# Your task:
In the records below, find the line with "Constant2/1 -> MATLAB Function5/2(beta)", then retype it and every following line exactly, stopping after the line with "seed=[22352; 29655; 12541]". Leave the pictures out.

# Records contained in a dataset:
*** Begin section ***

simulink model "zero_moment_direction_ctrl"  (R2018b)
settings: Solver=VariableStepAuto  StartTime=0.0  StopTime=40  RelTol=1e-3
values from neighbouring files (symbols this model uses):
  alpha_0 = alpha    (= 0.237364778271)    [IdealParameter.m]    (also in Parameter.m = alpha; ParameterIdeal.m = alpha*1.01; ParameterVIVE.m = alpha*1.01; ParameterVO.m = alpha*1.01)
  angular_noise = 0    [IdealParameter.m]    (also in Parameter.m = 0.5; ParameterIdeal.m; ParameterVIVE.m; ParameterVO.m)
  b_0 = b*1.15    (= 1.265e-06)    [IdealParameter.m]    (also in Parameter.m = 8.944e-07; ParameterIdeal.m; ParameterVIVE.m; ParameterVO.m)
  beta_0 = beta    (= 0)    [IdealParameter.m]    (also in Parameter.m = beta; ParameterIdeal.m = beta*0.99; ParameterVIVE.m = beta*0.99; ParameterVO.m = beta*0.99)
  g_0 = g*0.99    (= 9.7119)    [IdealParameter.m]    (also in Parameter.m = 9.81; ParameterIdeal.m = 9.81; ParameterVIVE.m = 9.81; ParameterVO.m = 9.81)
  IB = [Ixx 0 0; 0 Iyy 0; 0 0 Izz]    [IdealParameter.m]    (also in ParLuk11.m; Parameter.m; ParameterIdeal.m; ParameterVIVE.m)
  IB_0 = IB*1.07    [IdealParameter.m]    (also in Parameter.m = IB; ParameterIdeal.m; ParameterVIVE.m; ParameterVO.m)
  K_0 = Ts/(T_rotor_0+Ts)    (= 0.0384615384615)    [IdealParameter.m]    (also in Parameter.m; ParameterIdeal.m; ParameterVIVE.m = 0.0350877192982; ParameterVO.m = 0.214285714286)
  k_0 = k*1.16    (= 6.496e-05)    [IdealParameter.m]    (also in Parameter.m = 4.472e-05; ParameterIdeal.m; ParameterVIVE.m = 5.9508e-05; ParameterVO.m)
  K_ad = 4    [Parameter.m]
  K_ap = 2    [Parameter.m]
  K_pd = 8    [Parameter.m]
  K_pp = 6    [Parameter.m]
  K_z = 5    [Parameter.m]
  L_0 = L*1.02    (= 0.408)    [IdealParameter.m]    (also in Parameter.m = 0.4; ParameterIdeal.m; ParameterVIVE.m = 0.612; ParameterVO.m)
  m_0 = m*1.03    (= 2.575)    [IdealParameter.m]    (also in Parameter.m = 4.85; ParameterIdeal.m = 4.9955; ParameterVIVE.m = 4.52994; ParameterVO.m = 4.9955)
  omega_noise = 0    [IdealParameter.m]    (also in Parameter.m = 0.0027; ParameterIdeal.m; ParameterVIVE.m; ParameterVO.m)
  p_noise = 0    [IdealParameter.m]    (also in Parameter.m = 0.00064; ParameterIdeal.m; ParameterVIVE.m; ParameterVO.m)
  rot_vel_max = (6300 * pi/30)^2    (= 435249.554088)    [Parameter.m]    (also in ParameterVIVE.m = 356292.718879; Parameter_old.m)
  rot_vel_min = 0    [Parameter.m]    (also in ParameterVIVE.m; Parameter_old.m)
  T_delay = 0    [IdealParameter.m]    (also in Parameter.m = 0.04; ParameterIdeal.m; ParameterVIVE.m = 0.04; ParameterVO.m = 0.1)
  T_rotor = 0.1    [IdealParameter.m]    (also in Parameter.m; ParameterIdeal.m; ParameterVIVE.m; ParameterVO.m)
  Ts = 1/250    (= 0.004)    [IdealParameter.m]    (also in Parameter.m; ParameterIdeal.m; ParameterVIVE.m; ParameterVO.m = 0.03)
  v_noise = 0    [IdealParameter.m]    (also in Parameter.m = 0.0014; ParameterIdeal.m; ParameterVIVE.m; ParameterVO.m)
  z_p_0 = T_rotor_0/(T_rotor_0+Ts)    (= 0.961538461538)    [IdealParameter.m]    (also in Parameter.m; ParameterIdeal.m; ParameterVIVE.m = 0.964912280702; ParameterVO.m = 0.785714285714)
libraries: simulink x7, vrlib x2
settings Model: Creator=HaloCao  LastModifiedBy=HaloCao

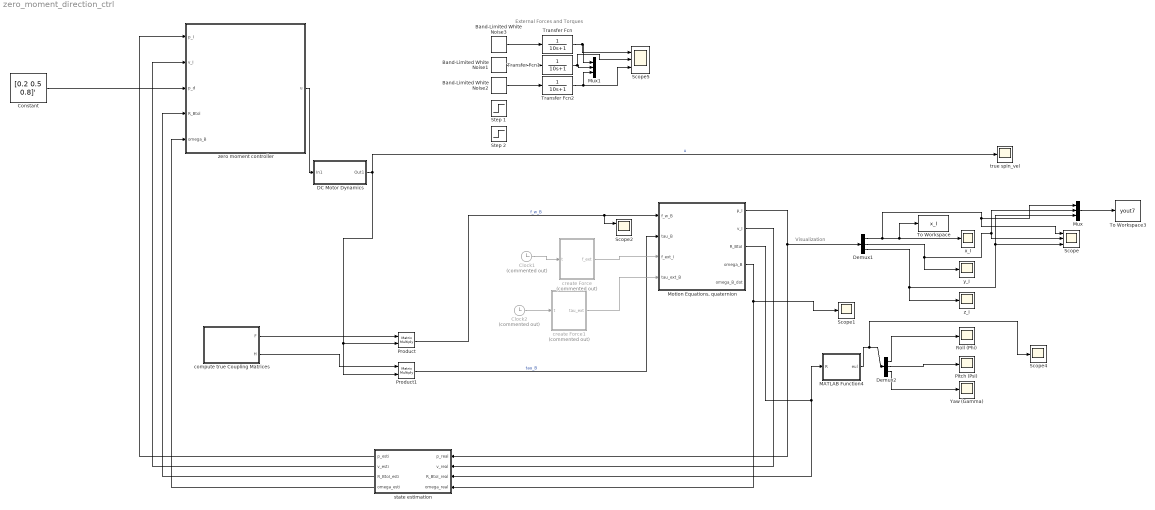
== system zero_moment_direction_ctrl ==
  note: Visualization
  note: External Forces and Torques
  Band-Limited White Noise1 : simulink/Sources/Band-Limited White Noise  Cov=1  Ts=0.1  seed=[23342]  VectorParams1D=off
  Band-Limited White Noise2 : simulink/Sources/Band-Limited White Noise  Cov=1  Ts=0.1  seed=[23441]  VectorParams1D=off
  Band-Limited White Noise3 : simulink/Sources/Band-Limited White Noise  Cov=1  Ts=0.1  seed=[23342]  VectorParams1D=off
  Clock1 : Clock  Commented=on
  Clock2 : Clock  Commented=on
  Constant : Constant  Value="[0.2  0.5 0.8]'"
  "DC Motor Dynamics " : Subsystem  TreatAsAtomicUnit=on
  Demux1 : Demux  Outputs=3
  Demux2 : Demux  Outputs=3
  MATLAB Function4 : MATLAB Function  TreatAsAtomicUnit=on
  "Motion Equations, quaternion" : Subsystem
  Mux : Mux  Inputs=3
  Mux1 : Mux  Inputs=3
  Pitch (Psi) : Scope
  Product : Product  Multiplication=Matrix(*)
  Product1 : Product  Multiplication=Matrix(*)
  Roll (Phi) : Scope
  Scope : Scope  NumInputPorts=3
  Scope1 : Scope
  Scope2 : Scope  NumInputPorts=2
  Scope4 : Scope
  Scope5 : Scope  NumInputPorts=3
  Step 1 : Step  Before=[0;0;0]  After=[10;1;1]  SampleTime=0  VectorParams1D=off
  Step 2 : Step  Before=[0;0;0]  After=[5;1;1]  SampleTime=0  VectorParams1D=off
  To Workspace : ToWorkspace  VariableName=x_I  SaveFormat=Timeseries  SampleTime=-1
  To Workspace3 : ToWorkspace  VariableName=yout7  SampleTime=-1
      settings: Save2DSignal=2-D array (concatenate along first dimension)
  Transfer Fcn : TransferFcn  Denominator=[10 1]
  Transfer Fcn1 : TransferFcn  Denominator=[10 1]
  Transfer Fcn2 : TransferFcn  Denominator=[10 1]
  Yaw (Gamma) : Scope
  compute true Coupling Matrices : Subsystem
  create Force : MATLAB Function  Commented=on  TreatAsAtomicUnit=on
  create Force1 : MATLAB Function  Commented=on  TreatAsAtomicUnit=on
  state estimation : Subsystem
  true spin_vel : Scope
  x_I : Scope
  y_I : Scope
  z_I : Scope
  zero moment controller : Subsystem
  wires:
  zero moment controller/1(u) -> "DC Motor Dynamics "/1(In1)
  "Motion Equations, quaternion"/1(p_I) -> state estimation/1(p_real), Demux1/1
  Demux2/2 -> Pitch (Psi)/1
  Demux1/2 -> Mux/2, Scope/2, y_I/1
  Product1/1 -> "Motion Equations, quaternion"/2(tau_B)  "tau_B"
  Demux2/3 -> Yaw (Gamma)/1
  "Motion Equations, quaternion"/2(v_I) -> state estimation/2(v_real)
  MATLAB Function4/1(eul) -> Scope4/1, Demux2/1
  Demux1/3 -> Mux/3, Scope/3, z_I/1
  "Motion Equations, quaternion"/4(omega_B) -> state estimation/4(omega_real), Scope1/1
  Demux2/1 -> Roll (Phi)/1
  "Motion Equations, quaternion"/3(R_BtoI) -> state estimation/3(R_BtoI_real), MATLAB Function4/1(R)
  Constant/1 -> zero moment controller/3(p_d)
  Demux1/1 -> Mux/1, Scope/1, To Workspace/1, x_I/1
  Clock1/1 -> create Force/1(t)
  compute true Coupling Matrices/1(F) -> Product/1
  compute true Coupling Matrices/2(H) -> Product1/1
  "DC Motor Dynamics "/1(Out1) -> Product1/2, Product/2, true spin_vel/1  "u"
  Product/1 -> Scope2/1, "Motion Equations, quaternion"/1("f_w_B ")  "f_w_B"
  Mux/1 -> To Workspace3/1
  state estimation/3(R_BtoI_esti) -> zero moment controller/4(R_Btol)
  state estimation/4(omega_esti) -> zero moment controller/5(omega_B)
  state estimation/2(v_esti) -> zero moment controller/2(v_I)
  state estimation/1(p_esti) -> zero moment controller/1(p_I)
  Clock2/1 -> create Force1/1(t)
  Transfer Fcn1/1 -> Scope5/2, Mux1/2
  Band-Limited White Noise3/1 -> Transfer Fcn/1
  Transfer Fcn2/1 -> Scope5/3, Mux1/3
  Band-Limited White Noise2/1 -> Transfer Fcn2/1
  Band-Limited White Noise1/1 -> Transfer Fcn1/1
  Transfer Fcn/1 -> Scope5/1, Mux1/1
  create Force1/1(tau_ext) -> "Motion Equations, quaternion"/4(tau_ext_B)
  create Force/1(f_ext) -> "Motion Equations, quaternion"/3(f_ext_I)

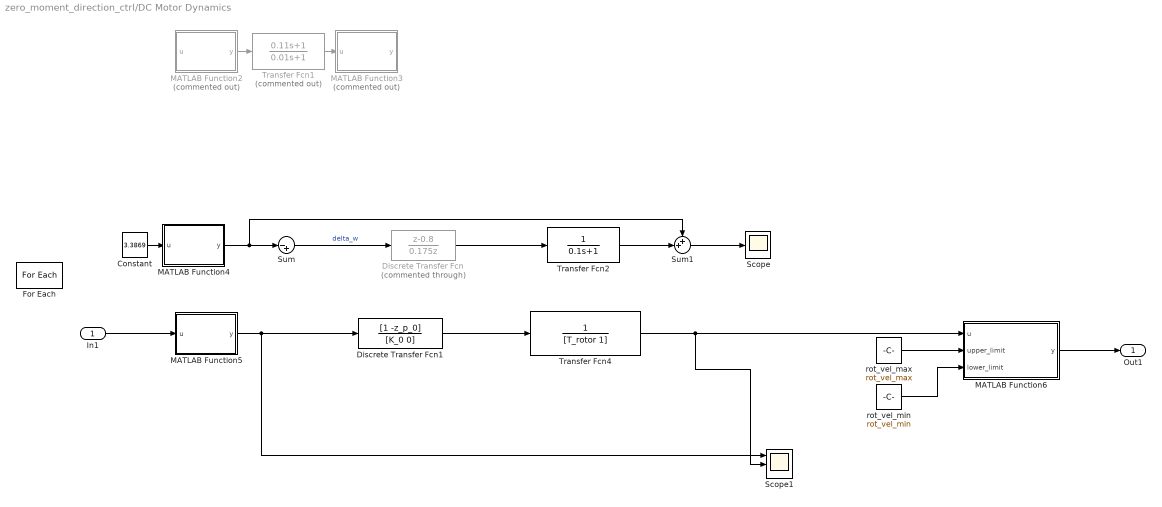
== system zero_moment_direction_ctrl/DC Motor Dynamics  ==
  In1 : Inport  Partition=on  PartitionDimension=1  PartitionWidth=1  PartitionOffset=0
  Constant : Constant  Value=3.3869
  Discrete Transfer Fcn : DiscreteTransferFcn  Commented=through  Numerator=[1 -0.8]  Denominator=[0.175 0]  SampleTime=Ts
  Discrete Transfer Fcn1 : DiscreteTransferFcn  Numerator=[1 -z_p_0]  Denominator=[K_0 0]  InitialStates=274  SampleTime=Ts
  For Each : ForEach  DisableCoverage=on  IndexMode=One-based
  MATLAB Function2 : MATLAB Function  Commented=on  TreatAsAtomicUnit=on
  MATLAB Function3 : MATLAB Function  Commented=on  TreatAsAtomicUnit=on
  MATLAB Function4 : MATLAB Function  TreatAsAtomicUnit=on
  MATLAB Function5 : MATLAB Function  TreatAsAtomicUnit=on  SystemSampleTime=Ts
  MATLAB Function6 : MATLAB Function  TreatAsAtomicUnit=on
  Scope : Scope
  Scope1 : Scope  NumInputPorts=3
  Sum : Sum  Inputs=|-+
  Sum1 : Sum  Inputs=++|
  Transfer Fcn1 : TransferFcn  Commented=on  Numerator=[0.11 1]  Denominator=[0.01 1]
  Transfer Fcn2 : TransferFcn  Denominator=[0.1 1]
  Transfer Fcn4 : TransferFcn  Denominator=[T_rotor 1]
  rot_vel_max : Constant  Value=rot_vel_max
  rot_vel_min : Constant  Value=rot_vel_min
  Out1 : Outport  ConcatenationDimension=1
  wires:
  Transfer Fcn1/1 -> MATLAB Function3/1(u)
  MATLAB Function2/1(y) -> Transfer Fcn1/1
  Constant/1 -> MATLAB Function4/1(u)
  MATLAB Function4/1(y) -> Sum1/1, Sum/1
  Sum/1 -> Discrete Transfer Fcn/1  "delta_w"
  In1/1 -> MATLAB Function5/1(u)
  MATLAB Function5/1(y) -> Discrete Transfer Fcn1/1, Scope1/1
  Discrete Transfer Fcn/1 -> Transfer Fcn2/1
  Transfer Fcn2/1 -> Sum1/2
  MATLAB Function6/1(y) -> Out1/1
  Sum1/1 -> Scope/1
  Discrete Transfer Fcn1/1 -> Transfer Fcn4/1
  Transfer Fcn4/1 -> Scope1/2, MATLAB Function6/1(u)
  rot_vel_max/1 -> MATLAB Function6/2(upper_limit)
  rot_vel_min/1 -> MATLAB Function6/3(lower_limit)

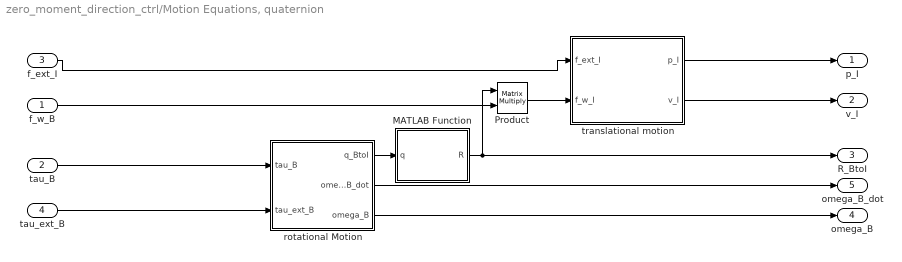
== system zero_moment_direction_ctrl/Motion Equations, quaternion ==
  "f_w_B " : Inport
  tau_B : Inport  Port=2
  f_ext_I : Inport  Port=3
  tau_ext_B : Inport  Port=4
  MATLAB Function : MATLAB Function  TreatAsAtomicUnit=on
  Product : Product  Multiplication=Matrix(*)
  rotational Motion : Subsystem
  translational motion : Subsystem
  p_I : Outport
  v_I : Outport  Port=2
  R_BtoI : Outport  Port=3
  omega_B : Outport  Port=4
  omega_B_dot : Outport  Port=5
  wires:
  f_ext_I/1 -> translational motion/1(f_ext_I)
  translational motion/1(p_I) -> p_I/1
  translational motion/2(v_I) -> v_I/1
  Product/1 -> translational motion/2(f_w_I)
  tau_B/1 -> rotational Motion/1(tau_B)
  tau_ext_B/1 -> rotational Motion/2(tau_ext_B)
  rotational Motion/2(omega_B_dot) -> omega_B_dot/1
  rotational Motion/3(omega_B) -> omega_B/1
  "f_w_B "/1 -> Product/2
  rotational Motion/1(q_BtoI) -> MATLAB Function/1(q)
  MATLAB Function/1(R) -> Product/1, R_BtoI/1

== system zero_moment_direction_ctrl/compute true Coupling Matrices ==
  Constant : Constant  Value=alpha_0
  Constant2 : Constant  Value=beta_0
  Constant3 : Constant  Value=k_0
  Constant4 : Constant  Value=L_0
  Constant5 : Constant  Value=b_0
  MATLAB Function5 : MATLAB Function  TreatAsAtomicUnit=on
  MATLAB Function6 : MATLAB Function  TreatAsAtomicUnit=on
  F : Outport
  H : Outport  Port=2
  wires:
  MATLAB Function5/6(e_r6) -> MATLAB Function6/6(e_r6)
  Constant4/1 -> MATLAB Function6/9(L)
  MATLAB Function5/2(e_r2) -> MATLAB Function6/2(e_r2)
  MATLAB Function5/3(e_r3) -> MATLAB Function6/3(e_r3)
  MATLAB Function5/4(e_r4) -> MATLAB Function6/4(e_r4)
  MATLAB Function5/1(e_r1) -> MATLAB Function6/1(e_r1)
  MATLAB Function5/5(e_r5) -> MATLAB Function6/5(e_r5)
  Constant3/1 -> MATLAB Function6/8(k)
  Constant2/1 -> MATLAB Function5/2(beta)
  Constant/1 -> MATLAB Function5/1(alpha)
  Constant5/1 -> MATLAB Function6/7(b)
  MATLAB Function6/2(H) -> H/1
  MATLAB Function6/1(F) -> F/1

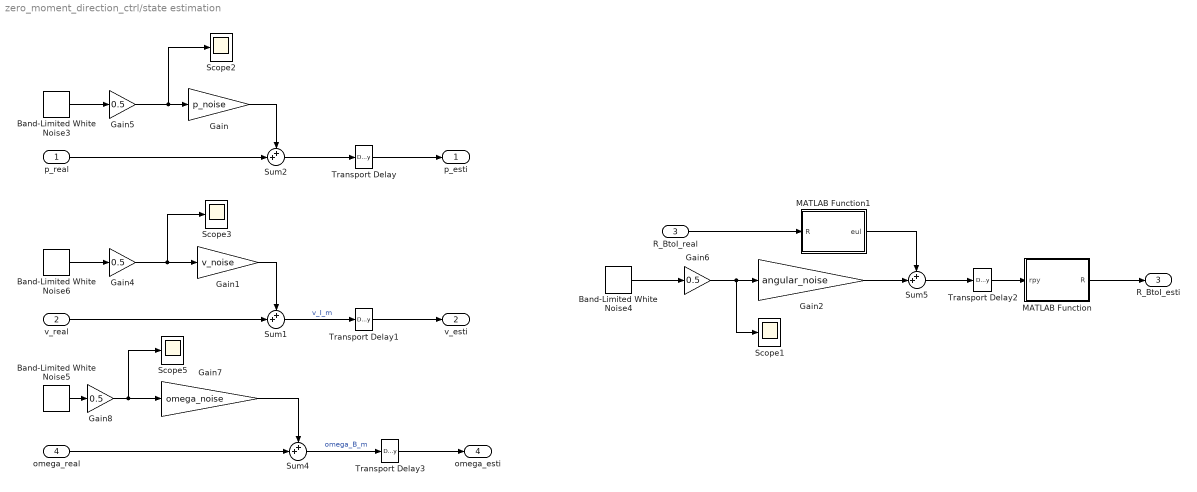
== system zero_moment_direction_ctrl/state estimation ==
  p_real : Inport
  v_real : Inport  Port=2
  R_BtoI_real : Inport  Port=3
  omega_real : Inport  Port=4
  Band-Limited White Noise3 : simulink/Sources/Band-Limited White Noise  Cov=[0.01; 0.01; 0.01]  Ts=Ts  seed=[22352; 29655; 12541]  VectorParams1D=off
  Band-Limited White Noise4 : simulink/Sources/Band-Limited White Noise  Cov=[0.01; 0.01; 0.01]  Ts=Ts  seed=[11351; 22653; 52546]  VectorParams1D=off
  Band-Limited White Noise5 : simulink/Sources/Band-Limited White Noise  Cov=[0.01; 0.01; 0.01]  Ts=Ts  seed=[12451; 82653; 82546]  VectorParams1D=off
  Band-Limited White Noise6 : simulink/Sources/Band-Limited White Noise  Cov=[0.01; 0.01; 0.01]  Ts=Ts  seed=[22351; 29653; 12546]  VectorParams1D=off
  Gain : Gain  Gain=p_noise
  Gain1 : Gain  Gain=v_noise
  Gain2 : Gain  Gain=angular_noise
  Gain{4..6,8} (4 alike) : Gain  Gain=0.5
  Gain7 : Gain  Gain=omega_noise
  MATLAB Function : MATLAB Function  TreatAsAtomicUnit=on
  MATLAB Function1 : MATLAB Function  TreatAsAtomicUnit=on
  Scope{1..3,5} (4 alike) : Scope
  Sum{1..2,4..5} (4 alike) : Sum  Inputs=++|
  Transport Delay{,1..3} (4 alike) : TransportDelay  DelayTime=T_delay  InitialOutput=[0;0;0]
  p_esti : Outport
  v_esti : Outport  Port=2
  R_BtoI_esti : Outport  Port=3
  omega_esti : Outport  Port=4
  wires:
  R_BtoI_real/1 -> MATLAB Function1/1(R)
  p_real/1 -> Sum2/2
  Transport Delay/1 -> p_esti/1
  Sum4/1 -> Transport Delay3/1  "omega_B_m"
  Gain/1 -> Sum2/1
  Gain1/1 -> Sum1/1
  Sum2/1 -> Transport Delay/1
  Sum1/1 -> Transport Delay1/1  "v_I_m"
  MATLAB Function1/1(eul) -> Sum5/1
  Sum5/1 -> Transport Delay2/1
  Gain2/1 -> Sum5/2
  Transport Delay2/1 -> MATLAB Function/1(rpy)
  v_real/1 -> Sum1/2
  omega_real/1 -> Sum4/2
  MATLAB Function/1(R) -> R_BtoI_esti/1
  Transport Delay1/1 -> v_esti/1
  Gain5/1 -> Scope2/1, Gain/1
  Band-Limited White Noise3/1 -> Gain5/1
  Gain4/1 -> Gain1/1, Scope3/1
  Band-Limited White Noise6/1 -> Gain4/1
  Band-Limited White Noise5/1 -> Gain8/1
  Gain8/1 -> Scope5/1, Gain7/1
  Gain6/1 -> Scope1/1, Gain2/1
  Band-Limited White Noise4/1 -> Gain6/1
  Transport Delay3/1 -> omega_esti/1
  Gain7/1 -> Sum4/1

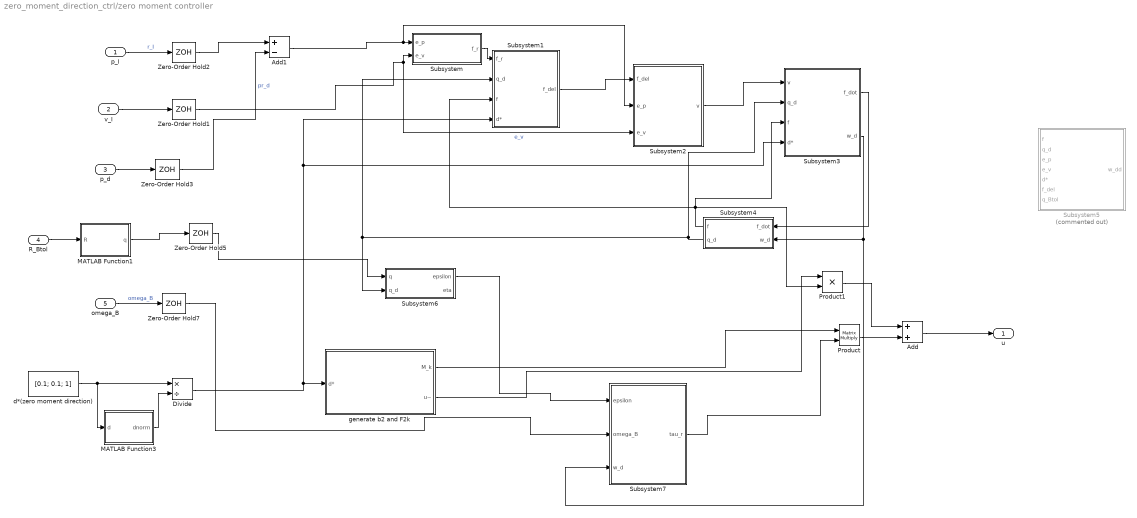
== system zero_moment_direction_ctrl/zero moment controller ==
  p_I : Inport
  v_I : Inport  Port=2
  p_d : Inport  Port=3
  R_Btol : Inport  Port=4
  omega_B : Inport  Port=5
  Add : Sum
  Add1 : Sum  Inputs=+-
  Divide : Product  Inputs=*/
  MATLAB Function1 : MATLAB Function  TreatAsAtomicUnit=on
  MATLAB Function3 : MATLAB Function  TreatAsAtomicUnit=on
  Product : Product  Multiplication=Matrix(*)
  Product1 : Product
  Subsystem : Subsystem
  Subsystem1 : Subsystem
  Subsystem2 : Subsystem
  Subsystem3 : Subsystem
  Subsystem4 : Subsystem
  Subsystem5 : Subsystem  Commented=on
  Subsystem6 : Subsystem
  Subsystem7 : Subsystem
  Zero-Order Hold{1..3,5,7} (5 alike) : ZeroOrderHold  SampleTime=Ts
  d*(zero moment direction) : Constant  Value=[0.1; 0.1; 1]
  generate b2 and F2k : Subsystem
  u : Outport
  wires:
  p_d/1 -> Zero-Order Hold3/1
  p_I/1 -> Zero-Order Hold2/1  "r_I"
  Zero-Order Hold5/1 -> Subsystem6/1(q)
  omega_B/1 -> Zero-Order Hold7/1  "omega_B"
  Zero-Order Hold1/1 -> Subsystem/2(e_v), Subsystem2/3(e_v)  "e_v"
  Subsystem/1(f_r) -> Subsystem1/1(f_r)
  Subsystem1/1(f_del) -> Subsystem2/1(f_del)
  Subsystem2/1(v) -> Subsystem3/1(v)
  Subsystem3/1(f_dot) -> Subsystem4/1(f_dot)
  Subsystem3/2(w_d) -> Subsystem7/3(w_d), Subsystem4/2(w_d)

*** End section ***

# Solution to the problem:
  Constant2/1 -> MATLAB Function5/2(beta)
  Constant/1 -> MATLAB Function5/1(alpha)
  Constant5/1 -> MATLAB Function6/7(b)
  MATLAB Function6/2(H) -> H/1
  MATLAB Function6/1(F) -> F/1

== system zero_moment_direction_ctrl/state estimation ==
  p_real : Inport
  v_real : Inport  Port=2
  R_BtoI_real : Inport  Port=3
  omega_real : Inport  Port=4
  Band-Limited White Noise3 : simulink/Sources/Band-Limited White Noise  Cov=[0.01; 0.01; 0.01]  Ts=Ts  seed=[22352; 29655; 12541]  VectorParams1D=off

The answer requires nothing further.